Karl Bohrmann : Süddeutsche Zeitung vom 22.12.1998, S. 15
"Befreite Linien. Zum Tod des Malers und Zeichners Karl Bohrmann." Von Dorothea Baumer.

Der Künstler Karl Bohrmann erschien nie jünger als in seinen letzten Jahren. Seinem Ideal einer guten Zeichnung war er radikal nahe gekommen. Darüber dürfen nicht wenige gestaunt haben, die seine Ausstellung in der Neuen Pinakothek im vergangenen Herbst sahen. "Befreiend leicht" und "wie von selbst entstanden" wirkte an diesen Blättern alles. In Hunderten von "Wiederholungen" beschwor der Künstler immer nur eines: das Geheimnis der Erscheinung.

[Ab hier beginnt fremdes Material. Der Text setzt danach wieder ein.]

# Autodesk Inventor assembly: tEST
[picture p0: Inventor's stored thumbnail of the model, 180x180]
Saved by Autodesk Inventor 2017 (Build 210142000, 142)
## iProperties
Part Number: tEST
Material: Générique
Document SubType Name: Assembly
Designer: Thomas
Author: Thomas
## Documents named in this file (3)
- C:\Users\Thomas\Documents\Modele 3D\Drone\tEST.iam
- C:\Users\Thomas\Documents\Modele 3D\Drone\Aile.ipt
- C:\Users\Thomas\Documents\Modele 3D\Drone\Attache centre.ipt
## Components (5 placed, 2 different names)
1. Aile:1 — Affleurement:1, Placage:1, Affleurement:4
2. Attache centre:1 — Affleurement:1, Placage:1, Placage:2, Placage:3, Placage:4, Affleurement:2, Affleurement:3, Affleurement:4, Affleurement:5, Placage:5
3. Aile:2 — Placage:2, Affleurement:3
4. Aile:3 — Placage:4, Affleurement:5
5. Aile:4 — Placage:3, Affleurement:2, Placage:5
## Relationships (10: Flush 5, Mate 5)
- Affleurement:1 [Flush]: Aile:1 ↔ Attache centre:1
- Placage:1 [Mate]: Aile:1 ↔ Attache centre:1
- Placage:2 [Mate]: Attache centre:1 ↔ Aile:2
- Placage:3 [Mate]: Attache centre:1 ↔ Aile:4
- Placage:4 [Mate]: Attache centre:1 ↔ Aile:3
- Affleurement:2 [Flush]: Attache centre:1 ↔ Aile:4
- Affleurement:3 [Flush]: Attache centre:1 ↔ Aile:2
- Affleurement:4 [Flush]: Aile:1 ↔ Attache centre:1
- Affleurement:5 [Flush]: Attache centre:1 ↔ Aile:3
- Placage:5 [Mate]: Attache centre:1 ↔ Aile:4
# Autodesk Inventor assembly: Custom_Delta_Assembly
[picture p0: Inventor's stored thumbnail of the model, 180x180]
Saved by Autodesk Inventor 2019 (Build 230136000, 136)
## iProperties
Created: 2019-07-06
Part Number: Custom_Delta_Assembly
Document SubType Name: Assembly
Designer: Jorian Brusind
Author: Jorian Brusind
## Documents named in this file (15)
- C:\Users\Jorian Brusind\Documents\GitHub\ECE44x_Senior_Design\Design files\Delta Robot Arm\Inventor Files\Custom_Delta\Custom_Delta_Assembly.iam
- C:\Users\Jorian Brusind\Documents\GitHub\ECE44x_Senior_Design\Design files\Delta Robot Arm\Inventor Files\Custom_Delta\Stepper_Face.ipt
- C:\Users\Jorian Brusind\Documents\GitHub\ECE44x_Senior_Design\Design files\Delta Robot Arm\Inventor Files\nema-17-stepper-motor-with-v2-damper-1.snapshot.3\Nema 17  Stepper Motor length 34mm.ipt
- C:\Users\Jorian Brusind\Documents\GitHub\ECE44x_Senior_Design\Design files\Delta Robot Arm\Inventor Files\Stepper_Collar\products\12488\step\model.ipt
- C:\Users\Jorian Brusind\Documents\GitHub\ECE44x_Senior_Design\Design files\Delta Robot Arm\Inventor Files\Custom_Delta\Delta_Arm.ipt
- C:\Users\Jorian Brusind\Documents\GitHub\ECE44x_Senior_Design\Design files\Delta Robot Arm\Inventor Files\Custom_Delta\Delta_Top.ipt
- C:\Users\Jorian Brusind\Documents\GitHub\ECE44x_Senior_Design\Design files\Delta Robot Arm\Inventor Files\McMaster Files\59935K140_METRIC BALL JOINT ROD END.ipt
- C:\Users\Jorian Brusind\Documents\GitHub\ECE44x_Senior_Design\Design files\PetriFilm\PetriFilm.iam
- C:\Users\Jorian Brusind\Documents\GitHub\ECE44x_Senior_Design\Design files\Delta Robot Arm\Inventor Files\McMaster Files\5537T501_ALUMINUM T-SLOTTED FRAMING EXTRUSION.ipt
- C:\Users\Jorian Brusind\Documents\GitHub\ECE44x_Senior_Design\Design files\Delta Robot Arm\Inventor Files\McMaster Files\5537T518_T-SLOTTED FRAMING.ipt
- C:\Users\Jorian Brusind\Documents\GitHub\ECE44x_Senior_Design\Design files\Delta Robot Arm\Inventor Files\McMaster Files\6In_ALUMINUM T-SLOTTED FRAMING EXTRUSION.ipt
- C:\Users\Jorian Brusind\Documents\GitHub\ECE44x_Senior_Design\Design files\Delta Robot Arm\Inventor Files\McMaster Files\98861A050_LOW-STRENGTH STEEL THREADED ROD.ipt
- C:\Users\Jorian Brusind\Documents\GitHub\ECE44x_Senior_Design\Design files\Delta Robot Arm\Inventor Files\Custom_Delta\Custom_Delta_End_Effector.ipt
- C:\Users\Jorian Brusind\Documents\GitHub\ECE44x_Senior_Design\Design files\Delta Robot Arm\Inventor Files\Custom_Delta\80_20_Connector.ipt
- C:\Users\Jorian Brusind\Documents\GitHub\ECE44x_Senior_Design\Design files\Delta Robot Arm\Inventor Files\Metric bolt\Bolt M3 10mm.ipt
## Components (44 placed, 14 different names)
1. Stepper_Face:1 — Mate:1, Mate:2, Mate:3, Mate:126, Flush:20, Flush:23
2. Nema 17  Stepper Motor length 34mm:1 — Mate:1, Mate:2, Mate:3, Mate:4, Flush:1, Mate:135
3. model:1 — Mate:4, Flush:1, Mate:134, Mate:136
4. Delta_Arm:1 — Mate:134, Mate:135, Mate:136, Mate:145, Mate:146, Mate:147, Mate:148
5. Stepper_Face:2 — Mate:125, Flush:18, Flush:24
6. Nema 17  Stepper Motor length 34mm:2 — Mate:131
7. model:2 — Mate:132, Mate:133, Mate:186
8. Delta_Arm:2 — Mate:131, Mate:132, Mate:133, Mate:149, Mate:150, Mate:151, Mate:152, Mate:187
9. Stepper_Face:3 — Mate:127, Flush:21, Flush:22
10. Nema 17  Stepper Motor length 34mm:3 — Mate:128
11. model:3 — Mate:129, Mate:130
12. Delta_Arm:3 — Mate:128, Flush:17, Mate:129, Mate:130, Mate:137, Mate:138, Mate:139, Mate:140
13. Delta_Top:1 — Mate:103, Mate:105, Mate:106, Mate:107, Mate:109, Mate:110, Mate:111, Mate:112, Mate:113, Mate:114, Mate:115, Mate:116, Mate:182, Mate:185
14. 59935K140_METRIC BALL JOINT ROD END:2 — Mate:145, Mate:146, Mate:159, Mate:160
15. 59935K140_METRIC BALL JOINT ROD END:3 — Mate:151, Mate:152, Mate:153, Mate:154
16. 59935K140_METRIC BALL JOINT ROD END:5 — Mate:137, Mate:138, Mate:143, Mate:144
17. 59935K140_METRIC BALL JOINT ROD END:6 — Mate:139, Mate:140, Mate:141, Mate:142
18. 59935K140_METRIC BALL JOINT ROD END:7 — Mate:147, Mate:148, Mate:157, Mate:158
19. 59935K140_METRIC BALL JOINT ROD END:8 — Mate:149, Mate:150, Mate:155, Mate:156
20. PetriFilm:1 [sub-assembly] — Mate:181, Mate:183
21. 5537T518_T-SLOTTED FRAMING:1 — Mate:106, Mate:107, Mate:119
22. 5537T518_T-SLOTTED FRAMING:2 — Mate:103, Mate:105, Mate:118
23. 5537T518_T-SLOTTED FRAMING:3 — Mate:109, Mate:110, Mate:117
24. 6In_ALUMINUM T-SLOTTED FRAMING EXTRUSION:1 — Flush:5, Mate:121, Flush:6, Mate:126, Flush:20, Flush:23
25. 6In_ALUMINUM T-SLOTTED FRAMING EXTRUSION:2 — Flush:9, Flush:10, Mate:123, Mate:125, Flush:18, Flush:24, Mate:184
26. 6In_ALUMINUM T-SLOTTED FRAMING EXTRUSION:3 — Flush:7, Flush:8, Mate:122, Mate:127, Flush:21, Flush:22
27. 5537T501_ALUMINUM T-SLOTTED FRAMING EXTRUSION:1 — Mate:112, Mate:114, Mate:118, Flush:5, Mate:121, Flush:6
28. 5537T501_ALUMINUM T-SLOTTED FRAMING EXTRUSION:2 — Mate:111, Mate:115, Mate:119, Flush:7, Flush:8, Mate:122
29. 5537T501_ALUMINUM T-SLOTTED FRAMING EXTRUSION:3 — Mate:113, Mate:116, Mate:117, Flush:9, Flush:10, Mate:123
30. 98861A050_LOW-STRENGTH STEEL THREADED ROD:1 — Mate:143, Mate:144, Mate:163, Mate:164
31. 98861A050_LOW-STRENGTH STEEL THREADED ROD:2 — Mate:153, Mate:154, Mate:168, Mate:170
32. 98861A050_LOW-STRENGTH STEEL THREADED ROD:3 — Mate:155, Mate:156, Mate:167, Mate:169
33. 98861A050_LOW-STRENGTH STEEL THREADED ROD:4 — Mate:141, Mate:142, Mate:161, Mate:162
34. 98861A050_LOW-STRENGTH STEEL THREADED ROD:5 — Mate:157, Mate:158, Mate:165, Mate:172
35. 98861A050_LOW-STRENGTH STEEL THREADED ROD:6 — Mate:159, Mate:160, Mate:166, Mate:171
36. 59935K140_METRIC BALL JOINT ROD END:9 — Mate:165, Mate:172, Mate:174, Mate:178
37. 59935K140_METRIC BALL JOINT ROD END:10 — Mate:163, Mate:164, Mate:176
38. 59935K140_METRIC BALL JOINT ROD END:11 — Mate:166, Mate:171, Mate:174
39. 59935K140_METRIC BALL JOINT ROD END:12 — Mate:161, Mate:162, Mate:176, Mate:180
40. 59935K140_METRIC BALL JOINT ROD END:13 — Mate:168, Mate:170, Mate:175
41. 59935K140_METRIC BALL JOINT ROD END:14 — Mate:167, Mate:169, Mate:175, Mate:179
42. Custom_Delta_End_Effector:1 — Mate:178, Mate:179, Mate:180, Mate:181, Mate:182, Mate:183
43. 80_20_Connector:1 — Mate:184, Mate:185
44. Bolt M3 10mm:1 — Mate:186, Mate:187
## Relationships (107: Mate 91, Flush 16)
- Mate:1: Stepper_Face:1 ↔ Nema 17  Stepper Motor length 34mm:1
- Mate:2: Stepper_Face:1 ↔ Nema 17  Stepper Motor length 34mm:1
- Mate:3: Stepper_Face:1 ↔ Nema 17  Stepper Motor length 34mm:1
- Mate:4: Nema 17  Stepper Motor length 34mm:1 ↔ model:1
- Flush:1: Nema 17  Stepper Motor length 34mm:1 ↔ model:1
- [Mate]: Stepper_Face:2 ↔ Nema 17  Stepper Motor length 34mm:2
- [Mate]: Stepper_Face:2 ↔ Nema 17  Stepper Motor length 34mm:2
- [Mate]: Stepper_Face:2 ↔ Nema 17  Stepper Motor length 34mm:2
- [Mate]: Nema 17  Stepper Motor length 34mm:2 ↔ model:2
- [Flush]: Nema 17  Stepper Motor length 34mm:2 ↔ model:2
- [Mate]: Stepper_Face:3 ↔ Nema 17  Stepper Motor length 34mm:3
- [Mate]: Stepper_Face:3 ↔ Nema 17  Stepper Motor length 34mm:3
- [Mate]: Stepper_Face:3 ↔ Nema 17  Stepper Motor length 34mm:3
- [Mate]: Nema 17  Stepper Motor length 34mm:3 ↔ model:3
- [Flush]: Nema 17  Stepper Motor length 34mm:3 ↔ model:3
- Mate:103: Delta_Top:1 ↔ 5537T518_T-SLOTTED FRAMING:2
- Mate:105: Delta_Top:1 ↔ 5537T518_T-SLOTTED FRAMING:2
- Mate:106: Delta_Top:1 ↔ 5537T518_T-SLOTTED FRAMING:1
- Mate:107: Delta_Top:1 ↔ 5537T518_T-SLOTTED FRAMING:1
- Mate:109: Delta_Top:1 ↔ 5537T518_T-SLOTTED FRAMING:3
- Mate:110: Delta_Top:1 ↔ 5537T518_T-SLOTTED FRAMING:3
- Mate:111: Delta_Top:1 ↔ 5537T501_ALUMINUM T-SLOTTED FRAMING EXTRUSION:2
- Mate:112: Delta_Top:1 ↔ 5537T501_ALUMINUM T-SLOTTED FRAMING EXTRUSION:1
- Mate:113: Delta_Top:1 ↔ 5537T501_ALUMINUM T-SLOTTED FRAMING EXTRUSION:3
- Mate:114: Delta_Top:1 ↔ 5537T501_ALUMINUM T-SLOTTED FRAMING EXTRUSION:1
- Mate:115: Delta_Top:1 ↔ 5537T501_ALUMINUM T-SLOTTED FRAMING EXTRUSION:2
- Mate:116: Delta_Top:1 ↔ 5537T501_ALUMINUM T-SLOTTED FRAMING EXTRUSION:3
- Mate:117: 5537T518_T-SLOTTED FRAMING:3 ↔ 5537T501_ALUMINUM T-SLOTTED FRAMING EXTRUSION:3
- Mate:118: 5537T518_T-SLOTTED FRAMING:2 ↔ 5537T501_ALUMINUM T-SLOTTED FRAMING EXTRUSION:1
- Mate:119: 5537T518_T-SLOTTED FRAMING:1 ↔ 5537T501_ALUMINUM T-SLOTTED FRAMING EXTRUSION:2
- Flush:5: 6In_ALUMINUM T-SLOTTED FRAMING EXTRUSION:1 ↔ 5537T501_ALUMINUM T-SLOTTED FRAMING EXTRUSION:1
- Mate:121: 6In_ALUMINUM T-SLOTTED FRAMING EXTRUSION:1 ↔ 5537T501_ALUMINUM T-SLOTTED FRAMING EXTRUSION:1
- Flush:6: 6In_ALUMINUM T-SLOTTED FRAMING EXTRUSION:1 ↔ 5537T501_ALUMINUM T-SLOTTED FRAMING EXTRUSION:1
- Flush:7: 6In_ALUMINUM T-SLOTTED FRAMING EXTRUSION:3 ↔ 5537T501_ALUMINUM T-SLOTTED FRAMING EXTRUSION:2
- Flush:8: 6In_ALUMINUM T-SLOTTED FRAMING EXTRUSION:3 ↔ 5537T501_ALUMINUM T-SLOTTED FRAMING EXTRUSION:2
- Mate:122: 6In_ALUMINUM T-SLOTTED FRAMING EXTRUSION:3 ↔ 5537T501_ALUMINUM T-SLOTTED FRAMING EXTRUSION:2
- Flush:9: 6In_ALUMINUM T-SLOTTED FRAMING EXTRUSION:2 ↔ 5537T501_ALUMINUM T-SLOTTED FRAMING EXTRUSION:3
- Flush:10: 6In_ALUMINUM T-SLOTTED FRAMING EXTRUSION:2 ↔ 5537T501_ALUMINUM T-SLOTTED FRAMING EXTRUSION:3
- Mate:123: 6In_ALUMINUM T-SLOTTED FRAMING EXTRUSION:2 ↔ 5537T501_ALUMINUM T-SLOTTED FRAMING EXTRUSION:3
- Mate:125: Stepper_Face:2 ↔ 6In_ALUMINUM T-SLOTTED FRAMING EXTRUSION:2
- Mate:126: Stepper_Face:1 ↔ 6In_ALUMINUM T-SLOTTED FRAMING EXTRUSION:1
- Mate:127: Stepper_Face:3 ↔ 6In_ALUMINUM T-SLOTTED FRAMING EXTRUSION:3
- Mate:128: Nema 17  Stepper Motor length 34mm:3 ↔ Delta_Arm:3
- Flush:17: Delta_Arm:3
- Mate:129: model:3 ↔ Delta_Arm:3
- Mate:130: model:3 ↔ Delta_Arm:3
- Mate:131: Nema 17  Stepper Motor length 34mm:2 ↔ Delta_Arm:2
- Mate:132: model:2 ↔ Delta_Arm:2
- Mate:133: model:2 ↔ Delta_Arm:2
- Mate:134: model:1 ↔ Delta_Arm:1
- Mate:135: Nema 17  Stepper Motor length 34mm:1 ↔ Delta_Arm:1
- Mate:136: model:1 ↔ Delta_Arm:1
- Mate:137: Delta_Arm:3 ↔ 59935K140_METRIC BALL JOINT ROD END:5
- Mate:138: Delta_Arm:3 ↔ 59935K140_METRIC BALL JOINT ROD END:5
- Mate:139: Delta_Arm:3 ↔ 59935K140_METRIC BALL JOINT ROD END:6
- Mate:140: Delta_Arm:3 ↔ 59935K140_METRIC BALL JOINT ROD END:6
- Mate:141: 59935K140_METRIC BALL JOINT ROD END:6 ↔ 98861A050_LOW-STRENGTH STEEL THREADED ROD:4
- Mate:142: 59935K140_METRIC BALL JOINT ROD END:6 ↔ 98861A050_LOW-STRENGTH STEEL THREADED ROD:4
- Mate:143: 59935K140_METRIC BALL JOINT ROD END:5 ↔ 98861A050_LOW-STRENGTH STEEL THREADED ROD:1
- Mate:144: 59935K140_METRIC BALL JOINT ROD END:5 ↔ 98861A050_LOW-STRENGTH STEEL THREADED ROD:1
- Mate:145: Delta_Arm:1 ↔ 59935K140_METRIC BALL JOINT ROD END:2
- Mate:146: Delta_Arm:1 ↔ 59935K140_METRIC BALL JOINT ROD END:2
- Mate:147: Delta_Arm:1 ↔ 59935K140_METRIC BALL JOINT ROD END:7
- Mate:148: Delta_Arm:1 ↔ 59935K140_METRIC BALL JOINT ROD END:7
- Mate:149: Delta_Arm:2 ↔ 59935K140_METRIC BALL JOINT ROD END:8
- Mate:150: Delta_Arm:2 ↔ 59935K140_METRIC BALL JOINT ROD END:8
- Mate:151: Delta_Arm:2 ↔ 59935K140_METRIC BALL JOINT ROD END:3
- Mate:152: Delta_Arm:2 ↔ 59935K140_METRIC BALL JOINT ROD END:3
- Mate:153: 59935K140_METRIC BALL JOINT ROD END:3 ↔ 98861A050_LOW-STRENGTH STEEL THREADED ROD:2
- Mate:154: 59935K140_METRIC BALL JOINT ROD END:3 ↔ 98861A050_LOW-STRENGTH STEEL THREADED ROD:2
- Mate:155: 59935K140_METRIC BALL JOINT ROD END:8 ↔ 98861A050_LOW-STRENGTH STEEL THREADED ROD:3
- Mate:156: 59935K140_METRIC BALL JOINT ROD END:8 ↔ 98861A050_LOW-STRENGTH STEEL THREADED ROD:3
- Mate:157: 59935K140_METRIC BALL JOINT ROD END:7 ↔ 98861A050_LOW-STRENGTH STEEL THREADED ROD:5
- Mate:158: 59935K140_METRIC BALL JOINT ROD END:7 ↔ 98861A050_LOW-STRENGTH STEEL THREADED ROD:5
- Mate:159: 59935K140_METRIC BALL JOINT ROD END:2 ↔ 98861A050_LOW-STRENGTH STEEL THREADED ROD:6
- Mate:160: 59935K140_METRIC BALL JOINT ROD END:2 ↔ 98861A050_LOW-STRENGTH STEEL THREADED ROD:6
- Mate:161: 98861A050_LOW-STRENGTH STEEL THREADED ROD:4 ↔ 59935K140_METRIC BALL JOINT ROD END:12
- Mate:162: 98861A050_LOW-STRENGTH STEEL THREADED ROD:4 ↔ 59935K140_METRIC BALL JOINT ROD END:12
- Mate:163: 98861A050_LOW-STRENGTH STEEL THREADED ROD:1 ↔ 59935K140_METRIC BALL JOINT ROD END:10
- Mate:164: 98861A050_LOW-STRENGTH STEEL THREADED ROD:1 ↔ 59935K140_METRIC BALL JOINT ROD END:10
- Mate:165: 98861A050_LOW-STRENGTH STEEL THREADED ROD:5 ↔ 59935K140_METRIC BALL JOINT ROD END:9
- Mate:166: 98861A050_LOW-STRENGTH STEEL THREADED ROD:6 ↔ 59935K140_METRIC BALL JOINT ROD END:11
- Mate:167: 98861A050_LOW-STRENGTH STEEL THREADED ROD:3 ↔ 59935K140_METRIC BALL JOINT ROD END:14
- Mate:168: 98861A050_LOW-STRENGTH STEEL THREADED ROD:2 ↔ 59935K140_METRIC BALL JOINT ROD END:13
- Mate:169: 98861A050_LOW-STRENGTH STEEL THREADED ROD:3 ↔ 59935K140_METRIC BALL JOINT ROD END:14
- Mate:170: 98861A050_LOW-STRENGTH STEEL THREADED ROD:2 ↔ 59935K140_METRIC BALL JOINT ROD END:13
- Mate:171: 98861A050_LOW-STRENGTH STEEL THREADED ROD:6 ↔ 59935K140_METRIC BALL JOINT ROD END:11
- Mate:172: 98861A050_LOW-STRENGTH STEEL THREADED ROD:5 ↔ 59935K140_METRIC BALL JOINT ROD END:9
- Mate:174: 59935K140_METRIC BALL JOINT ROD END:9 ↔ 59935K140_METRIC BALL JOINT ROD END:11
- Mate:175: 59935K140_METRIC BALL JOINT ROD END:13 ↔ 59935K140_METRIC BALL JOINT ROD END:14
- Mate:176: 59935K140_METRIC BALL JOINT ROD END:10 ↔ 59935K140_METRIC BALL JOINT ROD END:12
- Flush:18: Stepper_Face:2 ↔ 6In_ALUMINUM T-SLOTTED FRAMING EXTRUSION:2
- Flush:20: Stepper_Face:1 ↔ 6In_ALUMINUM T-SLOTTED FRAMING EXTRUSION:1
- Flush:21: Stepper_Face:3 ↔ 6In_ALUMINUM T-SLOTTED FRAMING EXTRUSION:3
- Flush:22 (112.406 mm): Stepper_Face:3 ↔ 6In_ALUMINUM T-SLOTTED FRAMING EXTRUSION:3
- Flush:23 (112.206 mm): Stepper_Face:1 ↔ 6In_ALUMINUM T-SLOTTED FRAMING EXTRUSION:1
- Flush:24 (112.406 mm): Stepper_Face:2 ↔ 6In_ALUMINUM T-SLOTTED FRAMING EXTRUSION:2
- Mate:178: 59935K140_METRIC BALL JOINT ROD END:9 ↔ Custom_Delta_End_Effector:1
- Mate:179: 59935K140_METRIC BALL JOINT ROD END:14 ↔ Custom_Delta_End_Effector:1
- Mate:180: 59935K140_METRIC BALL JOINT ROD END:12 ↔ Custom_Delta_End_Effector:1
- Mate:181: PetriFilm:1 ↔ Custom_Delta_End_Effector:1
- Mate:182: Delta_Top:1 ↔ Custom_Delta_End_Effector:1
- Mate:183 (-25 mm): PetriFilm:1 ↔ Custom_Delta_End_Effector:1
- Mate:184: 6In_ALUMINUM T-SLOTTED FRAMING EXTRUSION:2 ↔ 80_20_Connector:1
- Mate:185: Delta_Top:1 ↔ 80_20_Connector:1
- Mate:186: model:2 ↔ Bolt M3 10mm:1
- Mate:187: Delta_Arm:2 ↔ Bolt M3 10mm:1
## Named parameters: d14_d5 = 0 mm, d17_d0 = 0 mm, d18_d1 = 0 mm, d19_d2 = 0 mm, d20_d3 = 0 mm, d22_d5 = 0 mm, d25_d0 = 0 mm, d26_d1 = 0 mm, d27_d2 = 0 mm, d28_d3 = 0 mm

Schön in einem herkömmlichen Sinn waren diese Blätter nicht. Alles an ihnen suggerierte Beiläufigkeit. Das Format war bescheiden, die Linie schmucklos ruppig, minimal die Veränderungen. Aus der puren Motorik eines Auf und Ab erwuchsen silhouettierte Erinnerungsbilder von "Bäumen", in vieldeutig organisierten Räumen und in unendlicher Folge "Akte" liegend, hockend, sich entkleidend. Ohne Programm, ohne modischen Bedeutungsschwulst ereignete sich hier etwas zwischen Sehen und Lesen. Zeichnen.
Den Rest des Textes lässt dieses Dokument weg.